The association with finger ratio was highest for running, soccer, and tennis. The highest achievement in any sport was strongly linked to a low second to fourth finger ratio. Running ability was particularly associated with a low (male pattern) ratio.”


“Are the economic girlie men in the hard sciences?”

Levels of hormone exposure in the womb helps determine which academic discipline researchers work in, a new study suggests. Perhaps surprisingly, a “female” pattern of exposure was common in scientists, while a “male” pattern dominated in the social sciences.In the general population, men have a “digit ratio” of 0.98 on average – the index finger being slightly shorter than the ring finger. Women have a digit ratio of 1.0 on average, meaning the two fingers are the same length.

However the 107 male and female academics surveyed at Bath University, UK, had very similar ratios – 0.987 for men and 0.984 for women. This suggests the two groups were exposed to the same levels of oestrogen and testosterone in the womb.

Hormone levels also appear to predict which discipline researchers work in. Staff in the departments of chemistry, computer science, mathematics and physics all had average ratios of over 0.995 – close to the female average – despite 81% of those subjects being male.

In contrast, the staff of the social science departments of economics, education, management, social and policy sciences had an average ratio below 0.98, the male average, despite only 66% of this sample being male.”

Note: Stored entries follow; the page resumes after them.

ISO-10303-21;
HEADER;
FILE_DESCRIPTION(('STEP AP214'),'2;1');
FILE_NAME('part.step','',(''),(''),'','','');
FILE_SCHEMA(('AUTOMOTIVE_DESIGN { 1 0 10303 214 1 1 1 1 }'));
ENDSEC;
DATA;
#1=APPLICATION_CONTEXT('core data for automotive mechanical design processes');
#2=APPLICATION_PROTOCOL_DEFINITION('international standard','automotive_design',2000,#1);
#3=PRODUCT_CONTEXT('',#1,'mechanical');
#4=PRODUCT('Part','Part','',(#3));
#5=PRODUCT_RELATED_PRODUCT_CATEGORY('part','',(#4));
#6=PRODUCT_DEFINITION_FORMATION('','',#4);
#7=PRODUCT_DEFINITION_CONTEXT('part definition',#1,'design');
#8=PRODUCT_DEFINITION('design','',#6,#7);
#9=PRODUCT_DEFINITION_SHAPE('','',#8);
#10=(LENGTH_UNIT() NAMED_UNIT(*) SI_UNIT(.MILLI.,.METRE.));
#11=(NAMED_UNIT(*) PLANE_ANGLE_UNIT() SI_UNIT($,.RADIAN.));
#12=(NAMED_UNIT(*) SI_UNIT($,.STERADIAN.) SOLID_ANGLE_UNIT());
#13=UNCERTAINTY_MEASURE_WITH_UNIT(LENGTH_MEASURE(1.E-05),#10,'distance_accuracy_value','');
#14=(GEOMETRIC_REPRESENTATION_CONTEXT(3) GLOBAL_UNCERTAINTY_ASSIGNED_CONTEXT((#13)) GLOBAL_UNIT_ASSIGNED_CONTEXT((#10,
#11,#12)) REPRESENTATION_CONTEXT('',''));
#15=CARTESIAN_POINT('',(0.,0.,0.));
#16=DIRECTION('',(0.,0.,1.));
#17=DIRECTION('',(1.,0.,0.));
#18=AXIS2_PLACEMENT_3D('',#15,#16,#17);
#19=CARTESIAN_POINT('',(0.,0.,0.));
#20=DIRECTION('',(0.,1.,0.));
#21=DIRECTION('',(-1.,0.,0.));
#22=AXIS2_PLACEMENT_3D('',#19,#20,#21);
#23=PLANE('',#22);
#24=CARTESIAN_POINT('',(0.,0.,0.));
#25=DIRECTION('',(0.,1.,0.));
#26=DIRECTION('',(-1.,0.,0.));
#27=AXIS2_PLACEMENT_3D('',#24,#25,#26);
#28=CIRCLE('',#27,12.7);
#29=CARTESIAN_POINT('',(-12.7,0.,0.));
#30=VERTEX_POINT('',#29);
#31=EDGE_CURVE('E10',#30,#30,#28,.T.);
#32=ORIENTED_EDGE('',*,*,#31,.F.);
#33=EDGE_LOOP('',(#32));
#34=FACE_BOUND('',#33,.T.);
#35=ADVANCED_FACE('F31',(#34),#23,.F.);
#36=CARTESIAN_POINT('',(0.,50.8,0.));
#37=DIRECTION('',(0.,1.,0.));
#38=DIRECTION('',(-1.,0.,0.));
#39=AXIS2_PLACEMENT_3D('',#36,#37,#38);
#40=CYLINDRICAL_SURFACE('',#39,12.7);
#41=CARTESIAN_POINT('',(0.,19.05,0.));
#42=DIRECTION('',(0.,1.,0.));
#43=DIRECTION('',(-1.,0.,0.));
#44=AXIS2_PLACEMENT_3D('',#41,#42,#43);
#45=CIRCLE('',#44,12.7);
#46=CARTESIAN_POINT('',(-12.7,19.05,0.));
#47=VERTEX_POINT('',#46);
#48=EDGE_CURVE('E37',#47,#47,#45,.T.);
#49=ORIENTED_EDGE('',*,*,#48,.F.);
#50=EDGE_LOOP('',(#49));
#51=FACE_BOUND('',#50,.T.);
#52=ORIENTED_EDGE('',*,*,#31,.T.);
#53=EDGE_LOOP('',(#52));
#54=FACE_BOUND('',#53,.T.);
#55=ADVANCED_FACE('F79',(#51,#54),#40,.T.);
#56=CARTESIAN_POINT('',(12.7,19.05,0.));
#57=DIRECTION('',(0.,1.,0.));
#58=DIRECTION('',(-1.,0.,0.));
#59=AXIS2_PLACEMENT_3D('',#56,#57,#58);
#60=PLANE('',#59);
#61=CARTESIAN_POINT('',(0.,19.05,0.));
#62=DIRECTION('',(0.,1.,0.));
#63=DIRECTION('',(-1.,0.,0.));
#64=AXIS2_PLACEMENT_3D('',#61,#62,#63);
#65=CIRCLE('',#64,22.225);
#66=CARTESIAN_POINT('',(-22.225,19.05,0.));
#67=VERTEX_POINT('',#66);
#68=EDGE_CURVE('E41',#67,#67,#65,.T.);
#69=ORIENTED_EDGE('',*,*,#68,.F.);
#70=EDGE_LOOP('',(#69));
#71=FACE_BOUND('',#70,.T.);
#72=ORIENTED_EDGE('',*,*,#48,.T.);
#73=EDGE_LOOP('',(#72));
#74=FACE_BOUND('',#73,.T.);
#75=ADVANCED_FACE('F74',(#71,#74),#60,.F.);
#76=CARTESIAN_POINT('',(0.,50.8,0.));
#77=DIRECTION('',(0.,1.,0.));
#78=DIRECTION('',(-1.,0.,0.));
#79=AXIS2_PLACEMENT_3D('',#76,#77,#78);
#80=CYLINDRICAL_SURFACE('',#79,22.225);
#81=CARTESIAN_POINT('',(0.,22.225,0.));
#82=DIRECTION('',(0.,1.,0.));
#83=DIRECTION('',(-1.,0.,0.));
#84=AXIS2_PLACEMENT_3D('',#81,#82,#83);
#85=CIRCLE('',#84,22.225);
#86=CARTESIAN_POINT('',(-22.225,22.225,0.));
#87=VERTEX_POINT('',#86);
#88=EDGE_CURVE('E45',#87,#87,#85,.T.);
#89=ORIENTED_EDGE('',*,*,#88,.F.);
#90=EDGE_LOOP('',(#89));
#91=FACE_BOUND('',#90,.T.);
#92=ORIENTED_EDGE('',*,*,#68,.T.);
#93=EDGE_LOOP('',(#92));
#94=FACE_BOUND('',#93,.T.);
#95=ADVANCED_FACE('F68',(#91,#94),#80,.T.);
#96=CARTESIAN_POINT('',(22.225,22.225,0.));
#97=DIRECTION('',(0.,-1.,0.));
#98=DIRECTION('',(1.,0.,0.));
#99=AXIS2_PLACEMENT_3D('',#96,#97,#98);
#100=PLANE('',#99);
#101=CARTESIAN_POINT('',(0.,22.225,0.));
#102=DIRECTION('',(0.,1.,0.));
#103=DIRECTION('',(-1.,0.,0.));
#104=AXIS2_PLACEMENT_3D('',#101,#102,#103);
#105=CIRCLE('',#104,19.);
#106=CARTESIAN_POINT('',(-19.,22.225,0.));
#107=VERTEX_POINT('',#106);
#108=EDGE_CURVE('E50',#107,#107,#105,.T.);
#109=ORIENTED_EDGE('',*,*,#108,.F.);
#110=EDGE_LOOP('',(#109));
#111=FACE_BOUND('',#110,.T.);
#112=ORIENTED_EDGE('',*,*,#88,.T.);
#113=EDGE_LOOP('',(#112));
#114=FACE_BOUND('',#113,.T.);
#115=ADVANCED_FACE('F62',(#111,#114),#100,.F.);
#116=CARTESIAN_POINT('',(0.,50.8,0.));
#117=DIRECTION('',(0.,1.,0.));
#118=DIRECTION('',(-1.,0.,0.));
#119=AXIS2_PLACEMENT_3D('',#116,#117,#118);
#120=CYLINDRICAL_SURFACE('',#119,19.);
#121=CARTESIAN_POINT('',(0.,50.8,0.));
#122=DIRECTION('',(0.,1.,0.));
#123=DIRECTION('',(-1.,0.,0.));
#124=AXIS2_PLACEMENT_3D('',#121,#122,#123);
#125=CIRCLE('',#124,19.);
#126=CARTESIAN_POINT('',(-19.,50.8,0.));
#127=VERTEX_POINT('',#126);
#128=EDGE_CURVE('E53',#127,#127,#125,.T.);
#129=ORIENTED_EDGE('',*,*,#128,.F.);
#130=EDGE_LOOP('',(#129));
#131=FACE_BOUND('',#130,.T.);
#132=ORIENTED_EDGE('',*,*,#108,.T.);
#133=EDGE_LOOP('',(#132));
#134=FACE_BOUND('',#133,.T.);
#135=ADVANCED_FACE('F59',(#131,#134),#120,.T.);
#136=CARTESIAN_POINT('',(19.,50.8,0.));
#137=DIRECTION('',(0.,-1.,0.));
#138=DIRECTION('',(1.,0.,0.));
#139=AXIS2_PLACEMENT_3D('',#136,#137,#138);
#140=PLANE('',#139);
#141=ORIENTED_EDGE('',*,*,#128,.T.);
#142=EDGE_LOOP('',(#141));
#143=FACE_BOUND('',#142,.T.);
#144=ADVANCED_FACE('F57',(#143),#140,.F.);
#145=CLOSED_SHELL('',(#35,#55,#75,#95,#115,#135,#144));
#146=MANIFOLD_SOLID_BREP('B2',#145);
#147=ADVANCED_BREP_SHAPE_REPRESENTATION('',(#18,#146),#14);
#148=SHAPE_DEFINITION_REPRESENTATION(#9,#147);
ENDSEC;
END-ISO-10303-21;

Oh, and I googled the shy = aloof thing, I didn’t dig much, but this was a good snippet:

He rarely initiates conversation because he either
fears that no one will talk to him, or worse, people
will stare at him like he’s suddenly sprouted
antennae. Women and crowds tend to terrify him because
he doesn’t know how to interact socially. This can
make him unpopular, either because he appears “aloof”
or because he intimidates people with his high IQ.


Fact of the day! I’m an INFP/INFJ. :)
http://en.wikipedia.org/wiki/MBTI
I have a zillion links and stuff on this in my email that I found when cleaning out my mailboxes some.